Alien land laws date to the early 20th century, when thousands of Japanese immigrants came to California to build a better life. They used their agricultural knowledge do to so, eventually producing most of the state’s strawberries, snap beans, and celery in addition to nearly half its onions, tomatoes, and green peas.

White farmers and landowners identified an economic threat. In 1913, California passed the Alien Land Law, prohibiting ownership of agricultural land by people ineligible for citizenship. Given that Asian immigrants weren’t permitted to naturalize then, it was effectively the country’s first anti-Asian land law, says Robert Chang, a professor at the University of California, Irvine School of Law, executive director of the Fred T. Korematsu Center for Law and Equality, and the Sylvia Mendez Presidential Chair for Civil Rights.

The law was infrequently used by prosecutors until World War II and the bombing of Pearl Harbor, when a raft of cases targeted people of Japanese ancestry. Still, coupled with a surge in anti-Japanese activism, the law drastically reduced Japanese-owned acreage, which peaked at nearly 75,000 acres in 1920 before declining. In 1948, the U.S. Supreme Court struck down portions of California’s law as it pertained to citizens, and it was repealed in 1956. The court didn’t rule on how the law applied to noncitizens.

In 1913, California passed the Alien Land Law, prohibiting ownership of agricultural land by people ineligible for citizenship.

Today, however, at least two dozen states—most recently Florida, Georgia, and Texas—restrict or forbid individuals, entities, and immigrants from “foreign countries of concern” from owning agricultural land, emphasizing national security. Brooke L. Rollins, the new U.S. Department of Agriculture (USDA) secretary, said in a recent interview that the Trump administration is interested in federal policies that would block “the Chinese purchase of our farmland.”

Many laws emerged as U.S.-China tensions flared after a suspected Chinese spy balloon was spotted over Montana in February 2023 and following claims that Chinese investors were buying farmland near U.S. military installations. The laws often mention a list of countries that include Russia, North Korea, and Iran, but their political backers have explicitly targeted Chinese nationals. Governor Ron DeSantis, for example, said Florida was taking a stand against the Chinese Communist Party.

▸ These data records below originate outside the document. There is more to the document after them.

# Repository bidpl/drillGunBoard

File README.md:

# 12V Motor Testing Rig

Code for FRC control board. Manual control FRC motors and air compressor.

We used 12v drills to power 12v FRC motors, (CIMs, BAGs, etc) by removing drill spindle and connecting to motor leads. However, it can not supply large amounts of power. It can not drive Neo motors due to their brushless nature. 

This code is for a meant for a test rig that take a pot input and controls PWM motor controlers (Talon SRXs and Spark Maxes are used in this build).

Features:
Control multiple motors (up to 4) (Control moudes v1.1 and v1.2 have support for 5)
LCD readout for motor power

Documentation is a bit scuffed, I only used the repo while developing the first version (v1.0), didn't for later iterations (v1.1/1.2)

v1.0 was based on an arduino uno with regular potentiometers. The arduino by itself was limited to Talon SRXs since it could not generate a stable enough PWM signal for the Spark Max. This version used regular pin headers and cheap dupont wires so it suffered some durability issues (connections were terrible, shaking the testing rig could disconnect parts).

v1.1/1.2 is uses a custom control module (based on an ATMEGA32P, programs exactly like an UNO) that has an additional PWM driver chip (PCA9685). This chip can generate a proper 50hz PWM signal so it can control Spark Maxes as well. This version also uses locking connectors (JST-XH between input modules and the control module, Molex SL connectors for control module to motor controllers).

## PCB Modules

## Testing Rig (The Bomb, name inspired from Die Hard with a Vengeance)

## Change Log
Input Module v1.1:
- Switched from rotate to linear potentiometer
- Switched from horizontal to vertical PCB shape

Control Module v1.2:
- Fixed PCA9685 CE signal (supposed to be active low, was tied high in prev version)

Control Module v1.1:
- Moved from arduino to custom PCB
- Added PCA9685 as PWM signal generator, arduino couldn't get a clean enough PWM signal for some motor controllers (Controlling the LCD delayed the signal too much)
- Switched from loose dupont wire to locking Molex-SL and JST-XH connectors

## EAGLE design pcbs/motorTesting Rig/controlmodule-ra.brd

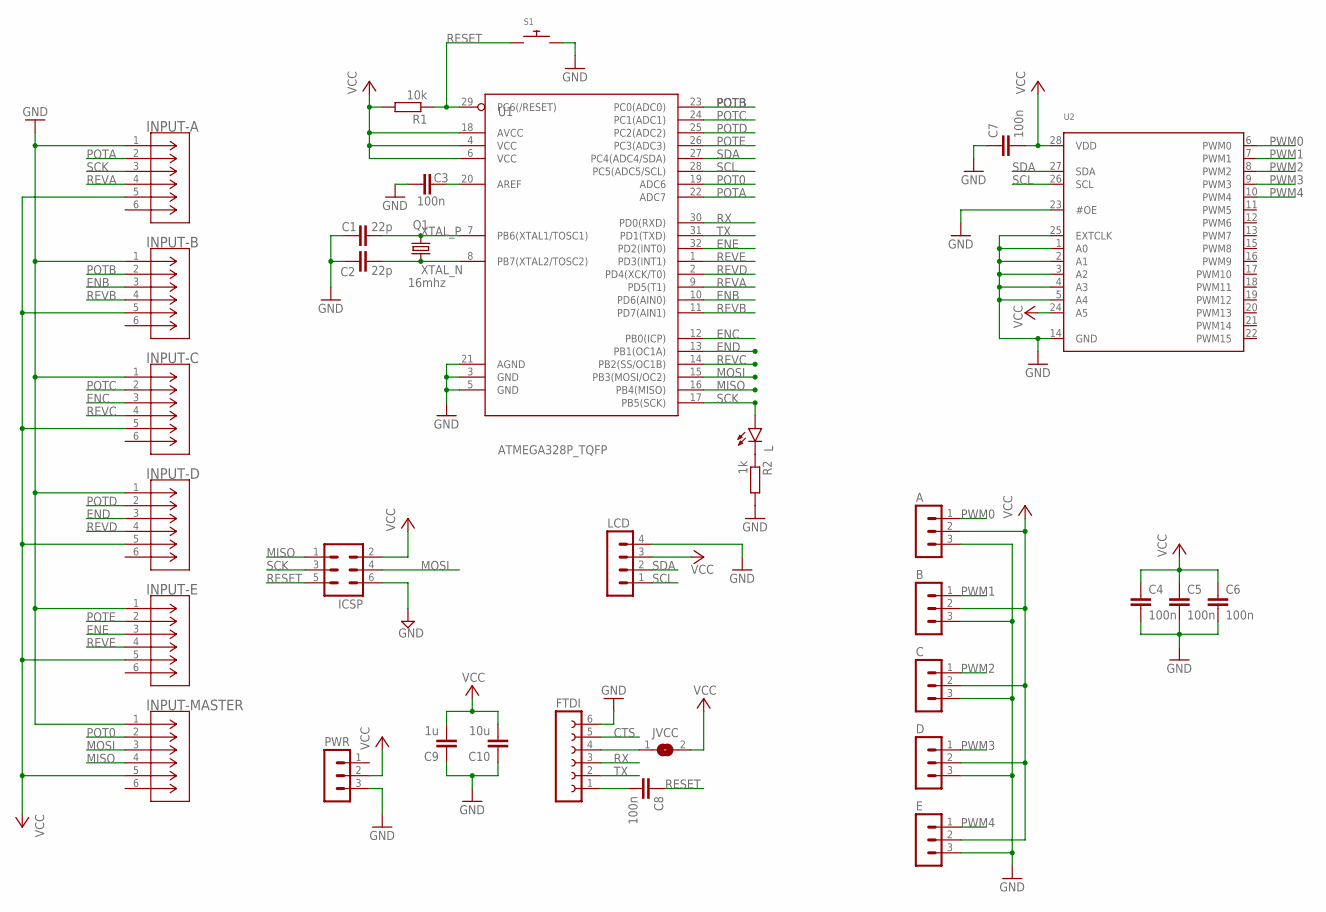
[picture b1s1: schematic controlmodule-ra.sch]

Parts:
A: MOLEX-SL-3PIN-RA-BOARD-LOCK
B: MOLEX-SL-3PIN-RA-BOARD-LOCK
C: MOLEX-SL-3PIN-RA-BOARD-LOCK
C1, C2: 22p; C0805
C3, C4, C5, C6, C7, C8: 100n; C0805
C9: 1u; C0805
C10: 10u; C0805
D: MOLEX-SL-3PIN-RA-BOARD-LOCK
E: MOLEX-SL-3PIN-RA-BOARD-LOCK
FTDI: FE06-1; FE06
ICSP: MA03-2
INPUT-A: B6B-PH-K-S(LF)(SN)-JST; CONN_B6B-PH-K-S_JST
INPUT-B: B6B-PH-K-S(LF)(SN)-JST; CONN_B6B-PH-K-S_JST
INPUT-C: B6B-PH-K-S(LF)(SN)-JST; CONN_B6B-PH-K-S_JST
INPUT-D: B6B-PH-K-S(LF)(SN)-JST; CONN_B6B-PH-K-S_JST
INPUT-E: B6B-PH-K-S(LF)(SN)-JST; CONN_B6B-PH-K-S_JST
INPUT-MASTER: B6B-PH-K-S(LF)(SN)-JST; CONN_B6B-PH-K-S_JST
JVCC: SJ
L: LEDCHIP-LED0805; CHIP-LED0805
LCD: MOLEX-SL-4PIN-RA-BOARD-LOCK
PWR: MOLEX-SL-3PIN-RA-BOARD-LOCK
Q1: 16mhz; HC49UP
R1: 10k; R0805
R2: 1k; R0805
S1: 3X4MM-PUHSBUTTON; 3X4MM-PUSHBUTTON
U1: ATMEGA328P_TQFP; TQFP32-08
U2: PCA9685; TSSOP28

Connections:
CTS: FTDI.5
ENB: INPUT-B.3, U1.10 (PD6(AIN0))
ENC: INPUT-C.3, U1.12 (PB0(ICP))
END: INPUT-D.3, U1.13 (PB1(OC1A))
ENE: INPUT-E.3, U1.32 (PD2(INT0))
GND: A.3, B.3, C.3, C1.1, C2.1, C3.2, C4.2, C5.2, C6.2, C7.1, C9.1, C10.1, D.3, E.3, FTDI.6, ICSP.6, INPUT-A.1, INPUT-B.1, INPUT-C.1, INPUT-D.1, INPUT-E.1, INPUT-MASTER.1, LCD.4, PWR.3, R2.2, S1.P$2, U1.3 (GND), U1.5 (GND), U1.21 (AGND), U2.1 (A0), U2.2 (A1), U2.3 (A2), U2.4 (A3), U2.5 (A4), U2.14 (GND), U2.23 (#OE), U2.25 (EXTCLK)
MISO: ICSP.1, INPUT-MASTER.4, U1.16 (PB4(MISO))
MOSI: ICSP.4, INPUT-MASTER.3, U1.15 (PB3(MOSI/OC2))
unnamed: FTDI.4, JVCC.1
unnamed: L.C, R2.1
unnamed: C3.1, U1.20 (AREF)
unnamed: C8.2, FTDI.1
POT0: INPUT-MASTER.2, U1.19 (ADC6)
POTA: INPUT-A.2, U1.22 (ADC7)
POTB: INPUT-B.2, U1.23 (PC0(ADC0))
POTC: INPUT-C.2, U1.24 (PC1(ADC1))
POTD: INPUT-D.2, U1.25 (PC2(ADC2))
POTE: INPUT-E.2, U1.26 (PC3(ADC3))
PWM0: A.1, U2.6 (PWM0)
PWM1: B.1, U2.7 (PWM1)
PWM2: C.1, U2.8 (PWM2)
PWM3: D.1, U2.9 (PWM3)
PWM4: E.1, U2.10 (PWM4)
RESET: C8.1, ICSP.5, R1.1, S1.P$1, U1.29 (PC6(/RESET))
REVA: INPUT-A.4, U1.9 (PD5(T1))
REVB: INPUT-B.4, U1.11 (PD7(AIN1))
REVC: INPUT-C.4, U1.14 (PB2(SS/OC1B))
REVD: INPUT-D.4, U1.2 (PD4(XCK/T0))
REVE: INPUT-E.4, U1.1 (PD3(INT1))
RX: FTDI.3, U1.30 (PD0(RXD))
SCK: ICSP.3, INPUT-A.3, L.A, U1.17 (PB5(SCK))
SCL: LCD.1, U1.28 (PC5(ADC5/SCL)), U2.26 (SCL)
SDA: LCD.2, U1.27 (PC4(ADC4/SDA)), U2.27 (SDA)
TX: FTDI.2, U1.31 (PD1(TXD))
VCC: A.2, B.2, C.2, C4.1, C5.1, C6.1, C7.2, C9.2, C10.2, D.2, E.2, ICSP.2, INPUT-A.5, INPUT-B.5, INPUT-C.5, INPUT-D.5, INPUT-E.5, INPUT-MASTER.5, JVCC.2, LCD.3, PWR.2, R1.2, U1.4 (VCC), U1.6 (VCC), U1.18 (AVCC), U2.24 (A5), U2.28 (VDD)
XTAL_N: C2.2, Q1.1, U1.8 (PB7(XTAL2/TOSC2))
XTAL_P: C1.2, Q1.2, U1.7 (PB6(XTAL1/TOSC1))

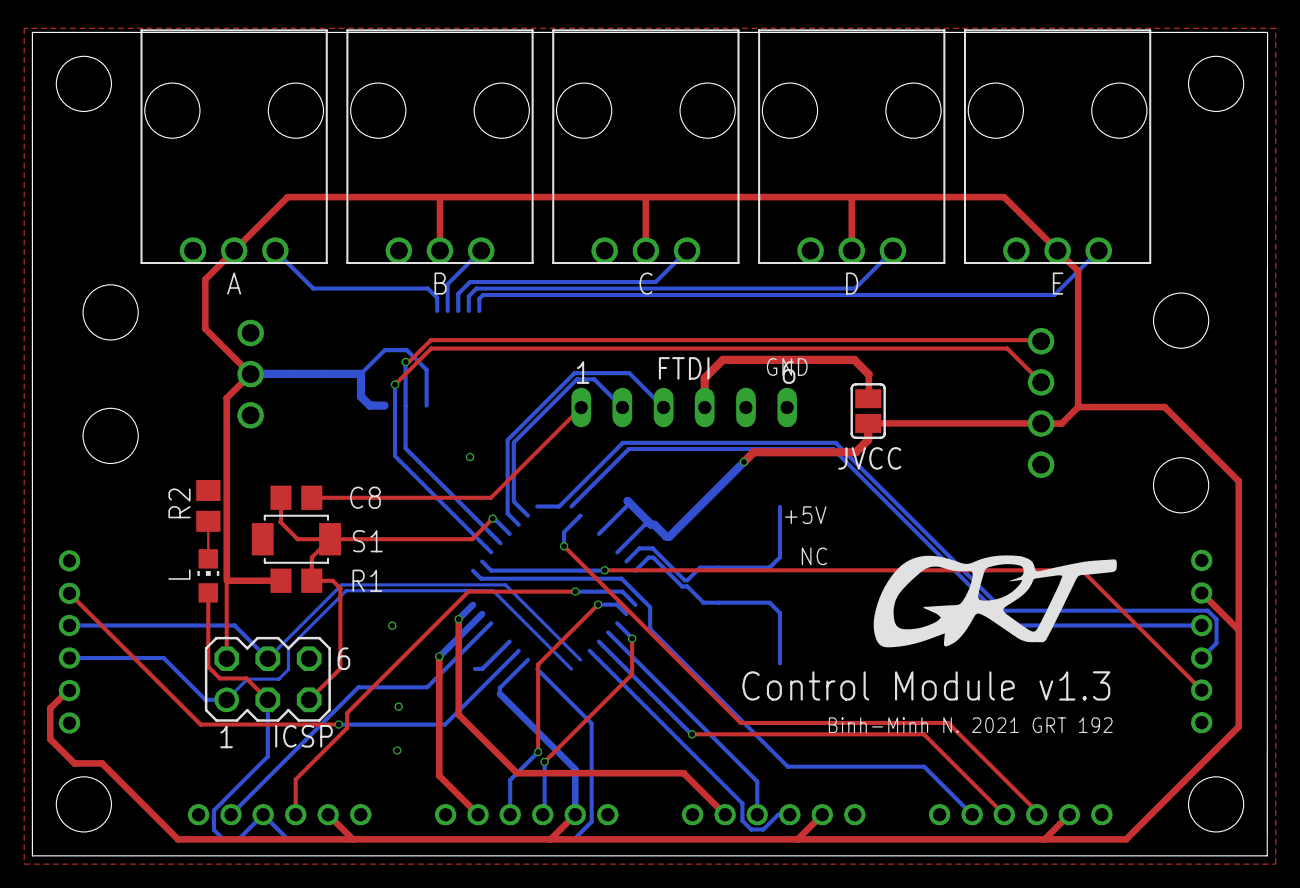
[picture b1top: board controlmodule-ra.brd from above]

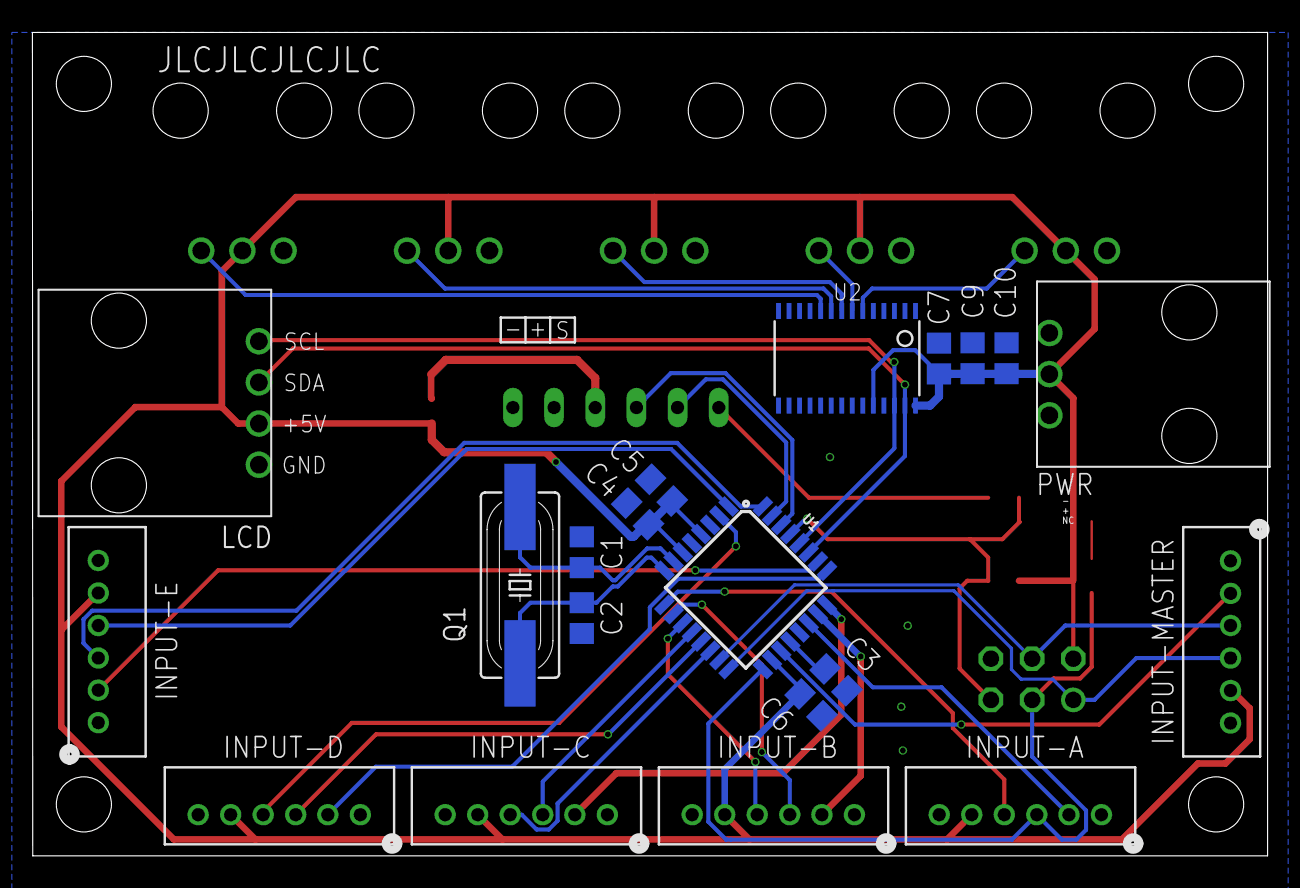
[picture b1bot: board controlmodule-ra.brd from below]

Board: 2 copper layers, 76.2 x 50.8 mm, 33 parts (20 on the bottom side), 36 nets.

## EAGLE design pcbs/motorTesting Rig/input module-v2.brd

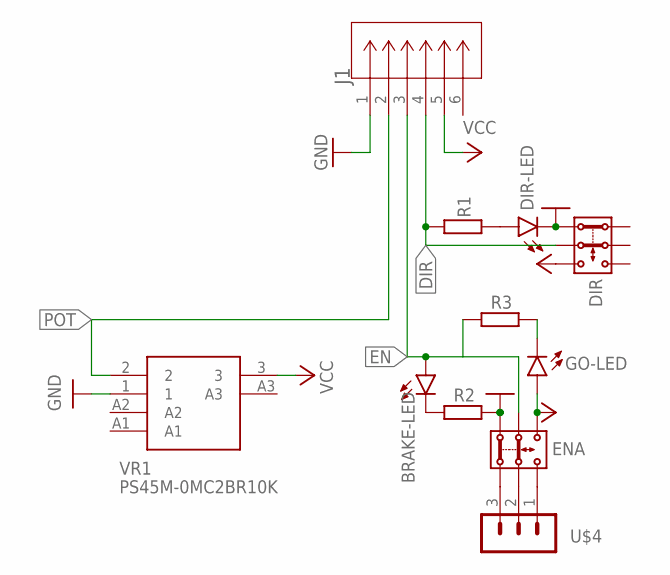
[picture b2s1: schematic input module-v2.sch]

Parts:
BRAKE-LED: LED5MM
DIR: DPDT-PUSHBUTTON; 7MM*7MM
DIR-LED: LED5MM
ENA: DPDT-PUSHBUTTON; 7MM*7MM
GO-LED: LED5MM
J1: B6B-PH-K-S(LF)(SN)-JST; CONN_B6B-PH-K-S_JST
R1, R2, R3: R-EU_0207/10; 0207/10
U$4: MALE-HEADER-3PIN; MA03-1
VR1: PS45M-0MC2BR10K; PS45M0MC2BR10K

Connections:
DIR: DIR.2, J1.4, R1.1
EN: BRAKE-LED.A, ENA.5, J1.3, R3.1
GND: DIR.1, DIR-LED.K (C), ENA.6, J1.1, R2.2, VR1.1
unnamed: DIR-LED.A, R1.2
unnamed: ENA.3, U$4.1
unnamed: ENA.2, U$4.2
unnamed: ENA.1, U$4.3
unnamed: BRAKE-LED.K (C), R2.1
unnamed: GO-LED.K (C), R3.2
POT: J1.2, VR1.2
VCC: DIR.3, ENA.4, GO-LED.A, J1.5, VR1.3

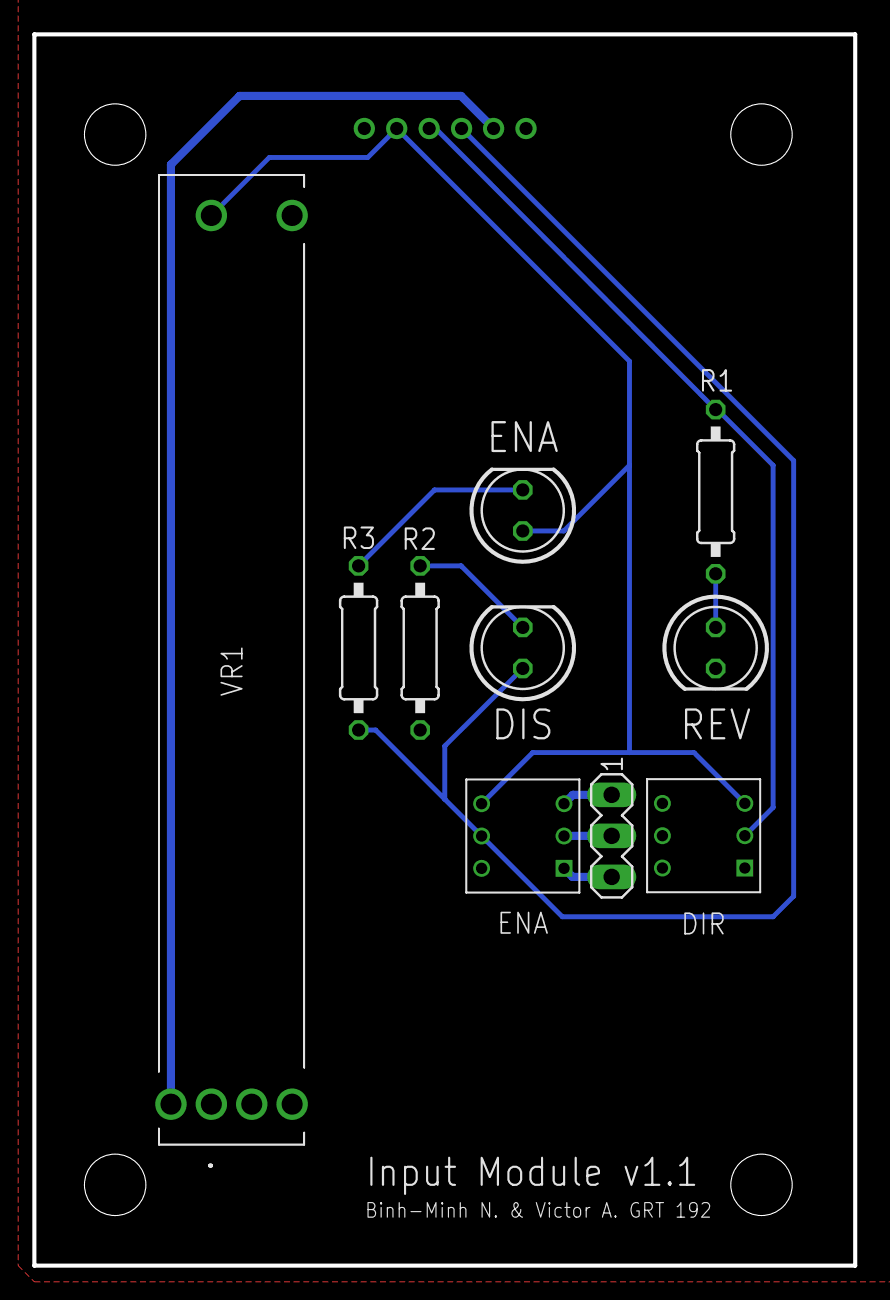
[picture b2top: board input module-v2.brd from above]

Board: 2 copper layers, 50.8 x 76.2 mm, 11 parts (1 on the bottom side), 11 nets.

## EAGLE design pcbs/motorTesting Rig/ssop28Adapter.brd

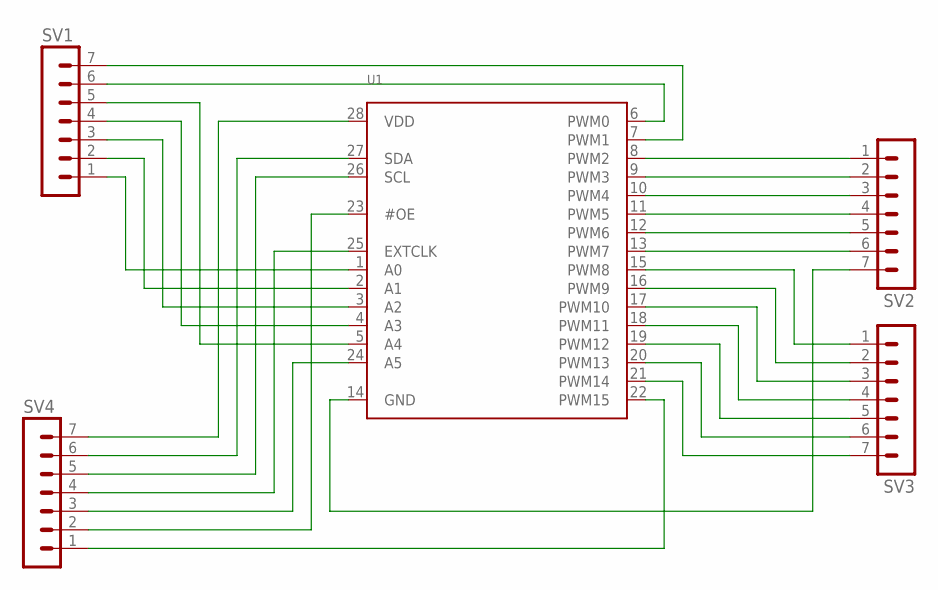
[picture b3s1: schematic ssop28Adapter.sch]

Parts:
SV1, SV2, SV3, SV4: MA07-1
U1: PCA9685; TSSOP28

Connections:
unnamed: SV1.1, U1.1 (A0)
unnamed: SV1.2, U1.2 (A1)
unnamed: SV1.3, U1.3 (A2)
unnamed: SV1.4, U1.4 (A3)
unnamed: SV1.5, U1.5 (A4)
unnamed: SV1.6, U1.6 (PWM0)
unnamed: SV1.7, U1.7 (PWM1)
unnamed: SV2.1, U1.8 (PWM2)
unnamed: SV2.2, U1.9 (PWM3)
unnamed: SV2.3, U1.10 (PWM4)
unnamed: SV2.4, U1.11 (PWM5)
unnamed: SV2.5, U1.12 (PWM6)
unnamed: SV2.6, U1.13 (PWM7)
unnamed: SV2.7, U1.14 (GND)
unnamed: SV3.1, U1.15 (PWM8)
unnamed: SV3.2, U1.16 (PWM9)
unnamed: SV3.3, U1.17 (PWM10)
unnamed: SV3.4, U1.18 (PWM11)
unnamed: SV3.5, U1.19 (PWM12)
unnamed: SV3.6, U1.20 (PWM13)
unnamed: SV3.7, U1.21 (PWM14)
unnamed: SV4.1, U1.22 (PWM15)
unnamed: SV4.2, U1.23 (#OE)
unnamed: SV4.3, U1.24 (A5)
unnamed: SV4.4, U1.25 (EXTCLK)
unnamed: SV4.5, U1.26 (SCL)
unnamed: SV4.6, U1.27 (SDA)
unnamed: SV4.7, U1.28 (VDD)

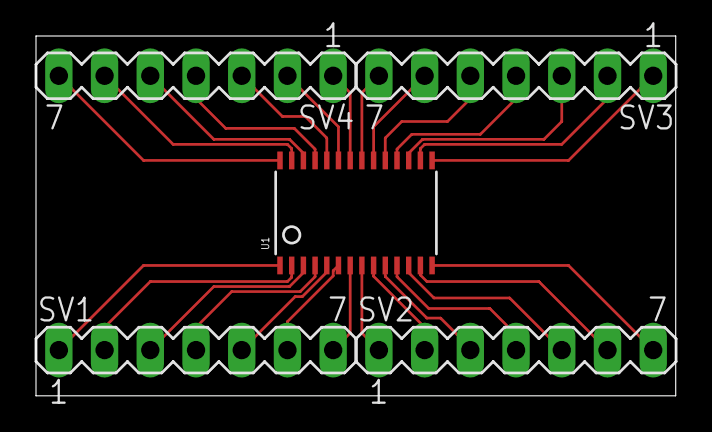
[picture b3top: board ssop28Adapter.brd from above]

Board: 2 copper layers, 35.5 x 20.0 mm, 5 parts (0 on the bottom side), 28 nets.

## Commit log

2019-05-07 Updated READEME.md, created arduino project file. Added code for LCD control and Joystick input
2019-07-14 now drives PWM motor controller and potentiometer support
2020-01-08 Redid stuff, now works with the Not Bomb tm. Use lcdTiming.ino, B and C are switched from physical order
2021-12-26 Added code for The Bomb and commented it
2021-12-26 Added EAGLE files, line endings might be a bit messed up in that folder
2022-01-18 Added images and edited README.md
2023-12-27 control board v1.3, moved stuff to bottom side to avoid aluminum shavings

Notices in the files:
parts and their libraries:
COPYRIGHT: Copyright (C) 2018 Accelerated Designs. All rights reserved

Foreign ownership of U.S. farmland has expanded in recent years, passing 45 million acres in 2023 and accounting for about 3 percent of all farmland. That has led some farm groups to support restrictions on foreign ownership to protect domestic farmers. But, as Chang points out, that pressure is coming primarily from Canada.

A USDA report on foreign holdings of U.S. agricultural land states that Canadian investors represent 33 percent of foreign-owned land, followed by the Netherlands (11 percent), Italy (6 percent), and the United Kingdom (6 percent). Chinese entities own 277,000 acres of U.S. agricultural land, according to the USDA, accounting for less than 1 percent of all foreign-owned land. Mexico’s share of the total is also less than 1 percent, roughly on par with Japan.

Rather than being legitimate attempts to protect U.S. farmers, Chang argues that alien land laws are “entry points for further discrimination” against Asians and Asian Americans, in keeping with their history. Chang is co-counsel in a federal lawsuit challenging a law in Arkansas, where his client, a naturalized U.S. citizen, was flagged by the state’s secretary of agriculture because his company, which operates a digital data center on agricultural land, “may have significant ties to China.”

As alien land laws spread, and with the legal future still to be determined, Civil Eats spoke with Chang about the nativist origins of alien land laws, why they are ineffective in protecting U.S. farmers, and what’s at stake for immigrants, farmers, and the food system, as they proliferate.

What is the history of the recent spate of alien land laws?  

There’s a long history regarding the power of either a nation or a state to restrict land ownership to citizens, with the idea that land ownership was tied to the security of a kingdom. When the United States inherited this tradition, some of the early Western territories began with a strict law that cove­­­­­­­­­­red all aliens.

But when tensions arose as immigration from China increased—and then immigration from Japan after Chinese exclusion was put into place in 1882—a number of politicians and landowners thought the security of the state was possibly being endangered if farmland could be held by Asian immigrants. And so, in 1913, California passed what is regarded as the first [specifically] anti-Asian alien land law.

Why are these laws resurfacing now?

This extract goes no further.